А что же с центральными персонажами пьесы, определяющими ее главный конфликт? Людовика играет Николай Цискаридзе под псевдонимом Максим Николаев. Но какой псевдоним может помешать опознать эту стать, эти ноги, единственные в своем совершенстве и бесконечности, различить с первой ноты этот капризный и ироничный голос? Вспоминается бородатый кавказский анекдот: «а ты не пой, ты просто ходи туда- сюда, а мы смотреть будем и хлопать будем». Но Цискаридзе-Николаев еще и «поет», в смысле играет – легко, артистично, естественно, точно попадая в образ самовлюбленного монарха, уверенного в своей непогрешимости и всевластии. Можно попенять актеру за отсутствие глубины и декоративность его персонажа, но в предложенном режиссером решении глубина и масштаб не требуются, потому что их лишен его соперник. Центральная для Булгакова тема художника и власти не становится в спектакле магистральной, потому что Хабенский играет не трагедию гения, задушенного этой самой властью, а драму крепкого хозяйственника, человека средней руки, запутавшегося в любовных перипетиях, при этом до мозга костей театрального и готового практически буквально ползать на брюхе перед королем-самодуром лишь бы сохранить театр. Неслучайно одной из центральных и самых выразительных моментов спектакля становится сцена, в которой Мольер учит своих актеров искусству самого низкого и подобострастного поклона. А умирает герой Хабенского где-то там, за сценой. Что ж, наверное, можно ставить и так. Какие времена, такой и Мольер…
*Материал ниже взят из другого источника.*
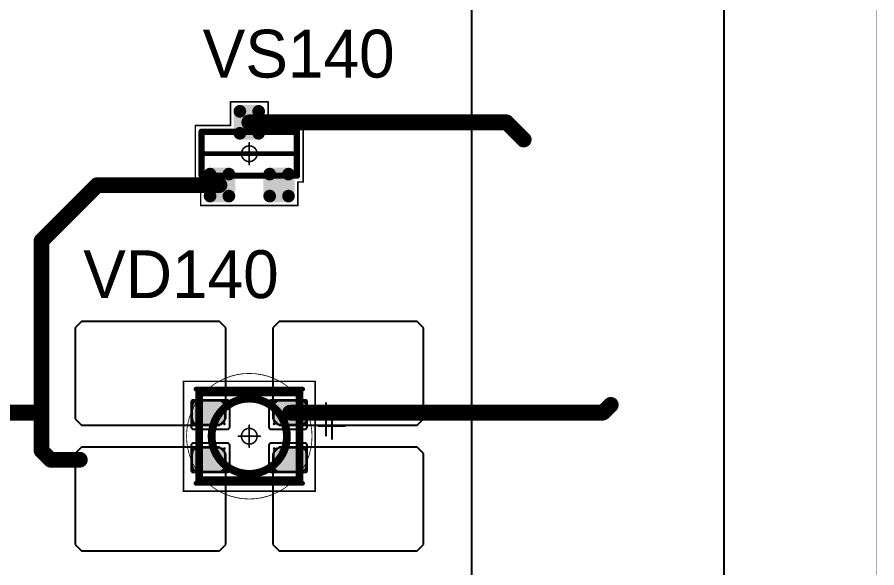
# Model space of a CAD drawing. Header units: millimetres. Extents: x 0 to 400, y 0 to 511.
# Drawn here: x 372.6 to 400.01, y 57.31 to 74.85 of the extents above; entities that cross this region are included whole.
import ezdxf

# ---------------------------------------------------------------- set-up
doc = ezdxf.new("R2010")
doc.units = ezdxf.units.MM
for name, color, linetype in [('Mechanical10', 56, 'Continuous'), ('Mechanical13', 56, 'Continuous'), ('Mechanical15', 56, 'Continuous'), ('Mechanical2', 216, 'Continuous'), ('TopLayer', 1, 'Continuous'), ('TopOverlay', 2, 'Continuous'), ('TopPaste', 8, 'Continuous'), ('TopSolder', 216, 'Continuous')]:
    doc.layers.add(name, color=color, linetype=linetype)

# ---------------------------------------------------------------- blocks, each defined once
blk = doc.blocks.new('SOT23_457')
at = {"layer": 'Mechanical13', "const_width": 0.1999996}
for points in [[(-0.7000011399999999, 1.52008078), (0.7000011399999999, 1.52008078)], [(-0.7000011399999999, 1.52008078), (-0.7000011399999999, -1.51991822)], [(0.7000011399999999, 1.52008078), (0.7000011399999999, -1.51991822)], [(-0.7000011399999999, -1.51991822), (0.7000011399999999, -1.51991822)]]:
    blk.add_lwpolyline(points, dxfattribs=at)
at = {"layer": 'Mechanical13', "const_width": 0.0999998}
for points in [[(-0.75000104, 1.52008078, 1), (-0.65000124, 1.52008078, 1)], [(-0.75000104, 1.52008078, 1), (-0.65000124, 1.52008078, 1)], [(0.65000124, 1.52008078, 1), (0.75000104, 1.52008078, 1)], [(0.65000124, 1.52008078, 1), (0.75000104, 1.52008078, 1)], [(-0.75000104, -1.51991822, 1), (-0.65000124, -1.51991822, 1)], [(-0.75000104, -1.51991822, 1), (-0.65000124, -1.51991822, 1)], [(0.65000124, -1.51991822, 1), (0.75000104, -1.51991822, 1)], [(0.65000124, -1.51991822, 1), (0.75000104, -1.51991822, 1)]]:
    blk.add_lwpolyline(points, format="xyb", close=True, dxfattribs=at)
at = {"layer": 'Mechanical15', "const_width": 0.0499999}
for points in [[(-0.90000074, 1.72008038), (-0.90000074, 1.55008072)], [(-0.90000074, 1.72008038), (0.90000074, 1.72008038)], [(0.90000074, 1.72008038), (0.90000074, 0.6000800799999999)], [(-1.64999924, 1.55008072), (-1.64999924, -1.54991816)], [(-1.64999924, 1.55008072), (-0.90000074, 1.55008072)], [(0.90000074, 0.6000800799999999), (1.64999924, 0.6000800799999999)], [(1.64999924, 0.6000800799999999), (1.64999924, -0.59991752)], [(0, 0.35008058), (0, -0.34991802)], [(-0.3499993, 8.128e-05), (0.3499993, 8.128e-05)], [(0.90000074, -0.59991752), (1.64999924, -0.59991752)], [(0.90000074, -0.59991752), (0.90000074, -1.71991782)], [(-1.64999924, -1.54991816), (-0.90000074, -1.54991816)], [(-0.90000074, -1.54991816), (-0.90000074, -1.71991782)], [(-0.90000074, -1.71991782), (0.90000074, -1.71991782)]]:
    blk.add_lwpolyline(points, dxfattribs=at)
at = {"layer": 'Mechanical15'}
for points, const_width in [([(-0.9125000799999999, 1.72008038, 1), (-0.8875014, 1.72008038, 1)], 0.02499868), ([(-0.9125000799999999, 1.72008038, 1), (-0.8875014, 1.72008038, 1)], 0.02499868), ([(0.8875014, 1.72008038, 1), (0.9125000799999999, 1.72008038, 1)], 0.02499868), ([(0.8875014, 1.72008038, 1), (0.9125000799999999, 1.72008038, 1)], 0.02499868), ([(-1.66249858, 1.55008072, 1), (-1.6374999, 1.55008072, 1)], 0.02499868), ([(-1.66249858, 1.55008072, 1), (-1.6374999, 1.55008072, 1)], 0.02499868), ([(-0.9125000799999999, 1.55008072, 1), (-0.8875014, 1.55008072, 1)], 0.02499868), ([(-0.9125000799999999, 1.55008072, 1), (-0.8875014, 1.55008072, 1)], 0.02499868), ([(0.8875014, 0.6000800799999999, 1), (0.9125000799999999, 0.6000800799999999, 1)], 0.02499868), ([(0.8875014, 0.6000800799999999, 1), (0.9125000799999999, 0.6000800799999999, 1)], 0.02499868), ([(1.6374999, 0.6000800799999999, 1), (1.66249858, 0.6000800799999999, 1)], 0.02499868), ([(1.6374999, 0.6000800799999999, 1), (1.66249858, 0.6000800799999999, 1)], 0.02499868), ([(0.2499995, 8.128e-05, 1), (-0.2499995, 8.128e-05, 1)], 0.0499999), ([(-0.01249934, 0.35008058, 1), (0.01249934, 0.35008058, 1)], 0.02499868), ([(-0.36249864, 8.128e-05, 1), (-0.33749996, 8.128e-05, 1)], 0.02499868), ([(-0.26249884, 8.128e-05, 1), (-0.23750016, 8.128e-05, 1)], 0.02499868), ([(0.23750016, 8.128e-05, 1), (0.26249884, 8.128e-05, 1)], 0.02499868), ([(0.33749996, 8.128e-05, 1), (0.36249864, 8.128e-05, 1)], 0.02499868), ([(-0.01249934, -0.34991802, 1), (0.01249934, -0.34991802, 1)], 0.02499868), ([(0.8875014, -0.59991752, 1), (0.9125000799999999, -0.59991752, 1)], 0.02499868), ([(0.8875014, -0.59991752, 1), (0.9125000799999999, -0.59991752, 1)], 0.02499868), ([(1.6374999, -0.59991752, 1), (1.66249858, -0.59991752, 1)], 0.02499868), ([(1.6374999, -0.59991752, 1), (1.66249858, -0.59991752, 1)], 0.02499868), ([(-1.66249858, -1.54991816, 1), (-1.6374999, -1.54991816, 1)], 0.02499868), ([(-1.66249858, -1.54991816, 1), (-1.6374999, -1.54991816, 1)], 0.02499868), ([(-0.9125000799999999, -1.54991816, 1), (-0.8875014, -1.54991816, 1)], 0.02499868), ([(-0.9125000799999999, -1.54991816, 1), (-0.8875014, -1.54991816, 1)], 0.02499868), ([(-0.9125000799999999, -1.71991782, 1), (-0.8875014, -1.71991782, 1)], 0.02499868), ([(-0.9125000799999999, -1.71991782, 1), (-0.8875014, -1.71991782, 1)], 0.02499868), ([(0.8875014, -1.71991782, 1), (0.9125000799999999, -1.71991782, 1)], 0.02499868), ([(0.8875014, -1.71991782, 1), (0.9125000799999999, -1.71991782, 1)], 0.02499868)]:
    blk.add_lwpolyline(points, format="xyb", close=True, dxfattribs=dict(at, const_width=const_width))
at = {"layer": 'TopLayer', "const_width": 0.0999998}
for points in [[(-1.39999974, 1.25008132, 1), (-1.29999994, 1.25008132, 1)], [(-0.7000011399999999, 1.25008132, 1), (-0.6000013399999999, 1.25008132, 1)], [(-1.39999974, 0.65008252, 1), (-1.29999994, 0.65008252, 1)], [(-0.7000011399999999, 0.65008252, 1), (-0.6000013399999999, 0.65008252, 1)], [(0.6000013399999999, 0.30008068, 1), (0.7000011399999999, 0.30008068, 1)], [(1.29999994, 0.30008068, 1), (1.39999974, 0.30008068, 1)], [(0.6000013399999999, -0.29991812, 1), (0.7000011399999999, -0.29991812, 1)], [(1.29999994, -0.29991812, 1), (1.39999974, -0.29991812, 1)], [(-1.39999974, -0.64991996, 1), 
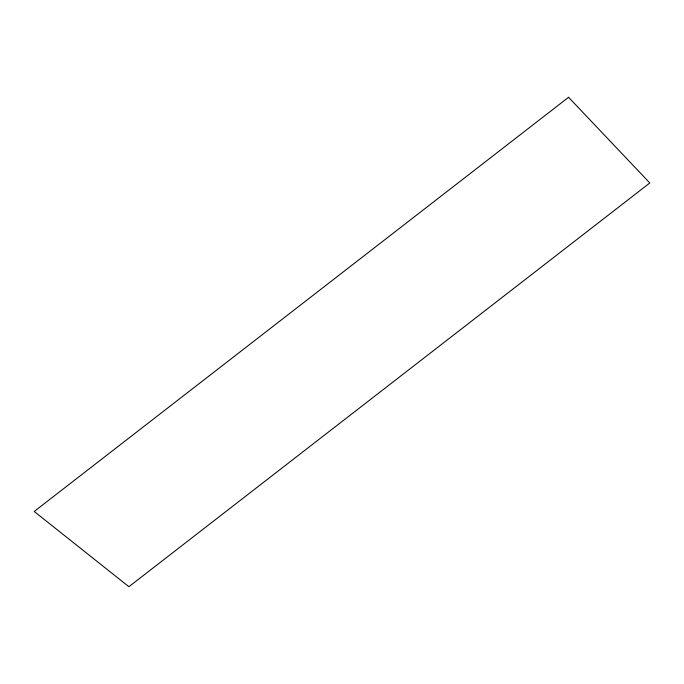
<?xml version="1.0" encoding="UTF-8"?>
<svg xmlns="http://www.w3.org/2000/svg" width="684" height="684" viewBox="0 0 684 684"><rect width="100%" height="100%" fill="white"/><g stroke="black" fill="none" stroke-linecap="round" stroke-linejoin="round"><path stroke-width="1.03" d="M568.575 97.29L34.2 511.47L128.9 586.71L649.8 182.97L568.575 97.29"/></g></svg>
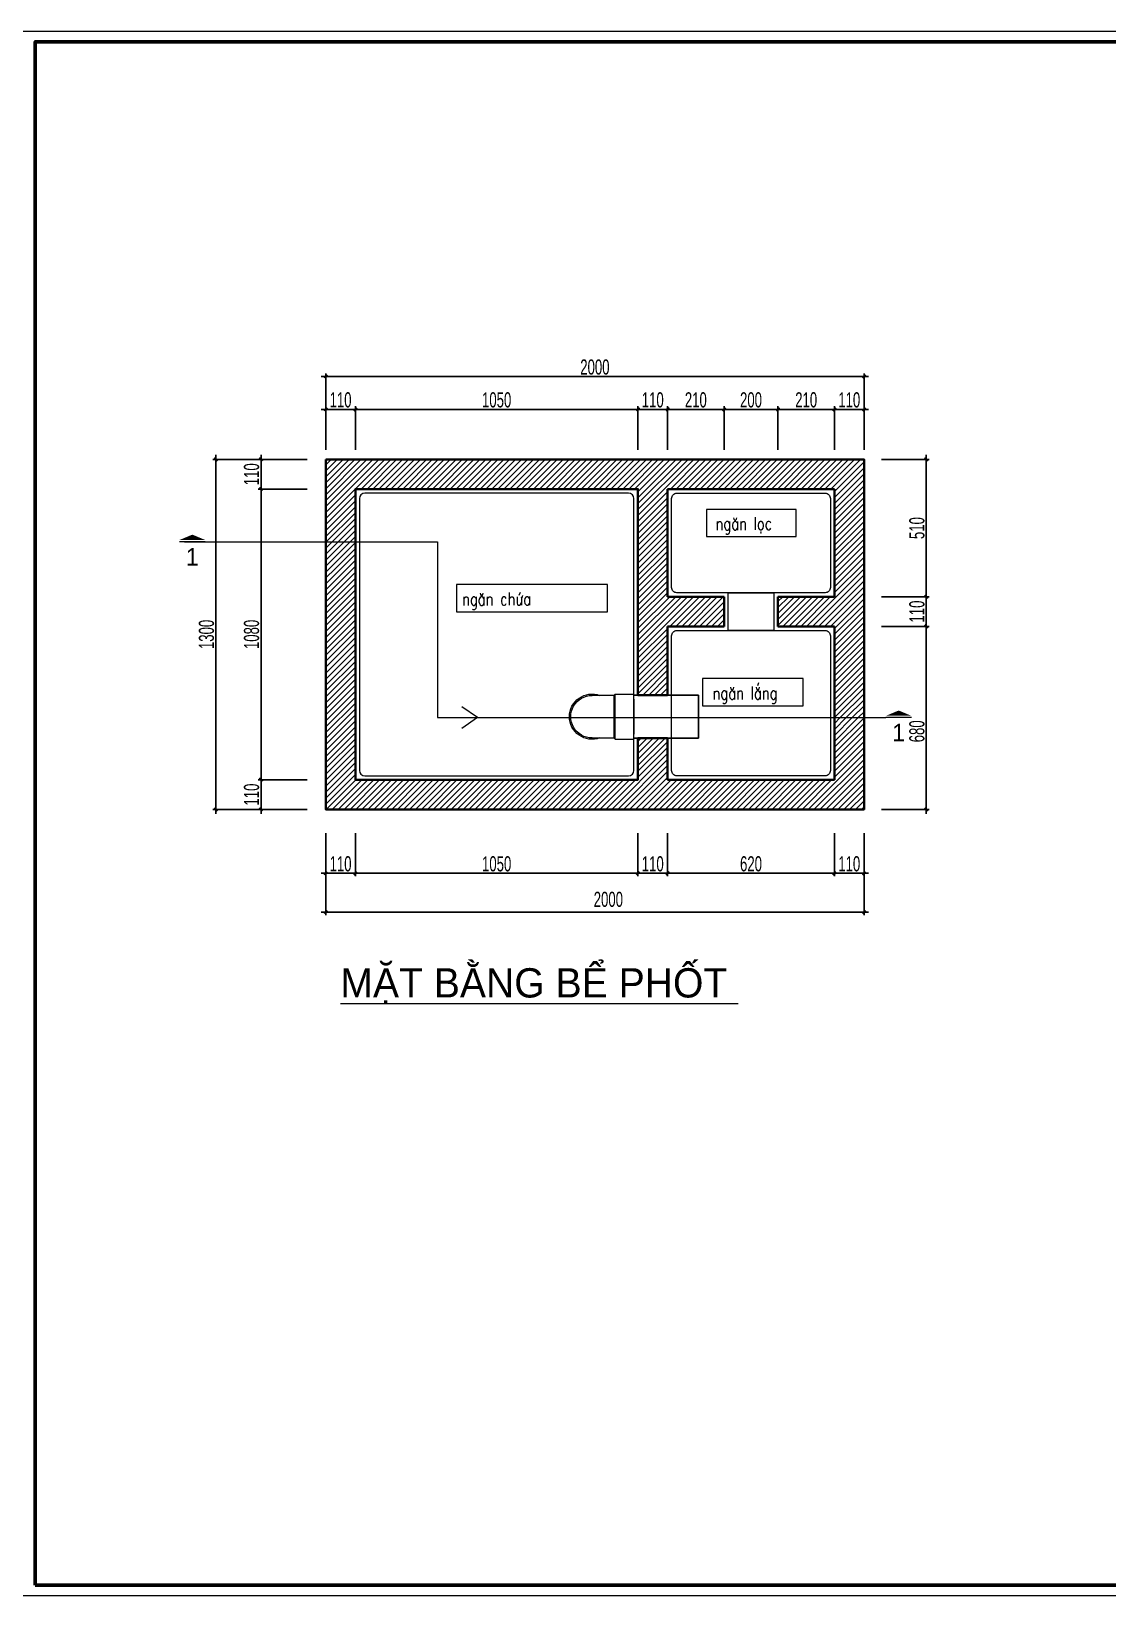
# Model space of a CAD drawing. Header units: millimetres. Extents: x 596422 to 1674380, y -367470 to 58862.
# Drawn here: x 1164035 to 1172034, y -51259 to -39636 of the extents above; entities that cross this region are included whole.
import ezdxf
from ezdxf.enums import TextEntityAlignment as Align

# ---------------------------------------------------------------- set-up
doc = ezdxf.new("R2010")
doc.units = ezdxf.units.MM
doc.header["$LTSCALE"] = 600
doc.header["$MEASUREMENT"] = 0
doc.linetypes.add('HIDDEN', pattern=[0.375, 0.25, -0.125])
doc.layers.get('0').update_dxf_attribs({"lineweight": 0})
doc.layers.get('Defpoints').update_dxf_attribs({"lineweight": 0})
for name, color, linetype, lineweight in [('EG Dim', 8, 'Continuous', 18), ('EG Khac', 4, 'Continuous', 15), ('EG Net khuat', 4, 'HIDDEN', 15), ('EG Text2', 7, 'Continuous', 18), ('LC Hatch @ 1', 252, 'Continuous', 9), ('LC ISO', 153, 'Continuous', 13), ('LC Net dam2', 6, 'Continuous', 40), ('LC Net thay', 7, 'Continuous', 25), ('TEXT1', 3, 'Continuous', 18)]:
    doc.layers.add(name, color=color, linetype=linetype, lineweight=lineweight)
doc.layers.add('Khungten_LCDI', color=7, linetype='Continuous')
doc.layers.add('Kichthuoc', color=9, linetype='Continuous')
doc.styles.add('EG 1', font='VHAVANB.TTF')
doc.styles.add('EG Huy', font='vnsimli.shx', dxfattribs={"width": 0.75})
doc.styles.add('HOATBIF', font='hoatbif.shx', dxfattribs={"width": 0.65})
doc.styles.add('Khungten', font='VHAVAN.TTF', dxfattribs={"width": 0.9, "height": 5000})
doc.styles.add('Title', font='VHAVAN.TTF', dxfattribs={"width": 0.8})
doc.dimstyles.new('1-100', dxfattribs={"dimscale": 300, "dimtxt": 1.2, "dimasz": 0.25, "dimexe": 0.5, "dimexo": 0, "dimgap": 0.3, "dimtad": 1, "dimdec": 0, "dimzin": 0, "dimdsep": 46, "dimtxsty": 'HOATBIF', "dimblk1": 'DOT', "dimblk2": 'DOT', "dimsah": 1, "dimcen": -1, "dimdle": 1, "dimclrd": 256, "dimclre": 256, "dimclrt": 4, "dimadec": 3, "dimazin": 2, "dimtfac": 0.333333, "dimtdec": 0, "dimtix": 1, "dimtmove": 2, "dimatfit": 3, "dimldrblk": 'DOT', "dimfxl": 1, "dimtvp": 0.833333, "dimtolj": 1, "dimtzin": 0, "dimarcsym": 0})
pattern_1 = [(45, (-2222982.59, 87648.85), (-22.0970869, 22.0970869), [])]

# ---------------------------------------------------------------- blocks, each defined once
blk = doc.blocks.new('TIEUDE1')
at = {"layer": 'EG Text2', "color": 7, "style": 'EG 1'}
blk.add_attdef('TIªU§Ò', text='', height=5, dxfattribs=at).set_placement((0, 0), align=Align.BOTTOM_CENTER)
blk.add_attdef('TL', text='', height=3, dxfattribs=at).set_placement((0, -2), align=Align.TOP_CENTER)
blk = doc.blocks.new('LCDI-new')
at = {"layer": 'Defpoints', "lineweight": 0}
blk.add_lwpolyline([(-1626044.71, 488105.01), (-1626044.71, 488402.01), (-1625624.71, 488402.01), (-1625624.71, 488105.01)], close=True, dxfattribs=at)
at = {"layer": 'Khungten_LCDI', "color": 5, "lineweight": 60}
blk.add_lwpolyline([(-1626032.71, 488107.01), (-1626032.71, 488400.01), (-1625626.71, 488400.01), (-1625626.71, 488107.01)], close=True, dxfattribs=at)
at = {"color": 2, "style": 'Title', "width": 1.824646}
for tag, p, p2 in [('TENBANVE1', (-1625663.58, 488164.65), (-1625629.32, 488164.65)), ('TENBANVE2', (-1625663.58, 488157.89), (-1625629.32, 488157.89))]:
    blk.add_attdef(tag, text='', height=2.5, dxfattribs=at).set_placement(p, p2, align=Align.FIT)
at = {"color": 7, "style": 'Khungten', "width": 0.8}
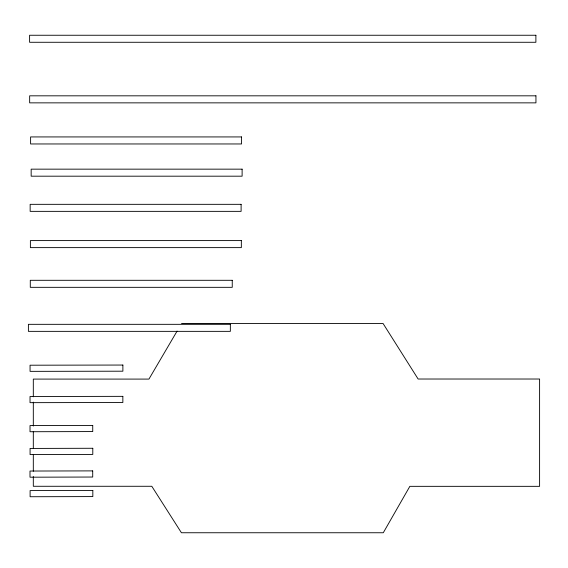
<?xml version="1.0" encoding="UTF-8"?>
<svg xmlns="http://www.w3.org/2000/svg" width="568" height="568" viewBox="0 0 568 568"><rect width="100%" height="100%" fill="white"/><g stroke="black" fill="none" stroke-linecap="round" stroke-linejoin="round"><path stroke-width="0.85" d="M177.081 331.108L148.937 379.09L33.313 379.09L33.313 396.805M181.547 323.497L383.066 323.497L418.126 379.019L539.6 379.019L539.6 486.336L409.855 486.336L383.286 532.749L181.419 532.749L151.798 486.279L33.313 486.279L33.313 476.538M33.313 402.123L33.313 426.043M33.313 431.353L33.313 448.188M33.313 454.386L33.313 471.22M122.88 365.046L30.054 365.21L30.069 371.358L122.887 371.195L122.88 365.046M122.844 396.35L30.026 396.514L30.033 402.662L122.858 402.499L122.844 396.35M92.733 425.418L30.019 425.581L30.026 431.73L92.74 431.566L92.733 425.418M92.79 448.273L30.076 448.436L30.083 454.585L92.797 454.421L92.79 448.273M92.712 470.886L29.997 471.042L30.005 477.198L92.719 477.035L92.712 470.886M92.825 490.432L30.104 490.589L30.111 496.737L92.832 496.581L92.825 490.432M535.887 35.252L29.6 35.252L29.6 42.28L535.887 42.28L535.887 35.252M535.943 95.822L29.657 95.822L29.657 102.858L535.943 102.858L535.943 95.822M241.549 136.931L30.601 136.931L30.601 143.96L241.549 143.96L241.549 136.931M242.117 169.157L31.162 169.157L31.162 176.186L242.117 176.186L242.117 169.157M241.109 204.331L30.154 204.331L30.154 211.36L241.109 211.36L241.109 204.331M241.343 240.591L30.388 240.591L30.388 247.62L241.343 247.62L241.343 240.591M232.248 280.301L30.289 280.301L30.289 287.33L232.248 287.33L232.248 280.301M230.352 324.328L28.4 324.328L28.4 331.357L230.352 331.357L230.352 324.328"/></g></svg>

Финал спектакля представляет собой иронический дисклеймер – все перед всеми извиняются перед зрителями и друг перед другом – за себя, за спектакль, за режиссера. И тут намеки и аллюзии прозрачны и очевидны. Мол, все всё понимают, и мы первые. Да, мы не герои, да мы ежедневно идем на компромиссы, но ведь мы это понимаем, и извиняемся, и подтруниваем над собой, но зато театр сохраняем. И кто посмеет бросить в нас за это камень? Наверное, можно и так. Но зачем пьесу переписали? Там же абсолютно все это есть. Разве что короче, стройней и трагичней.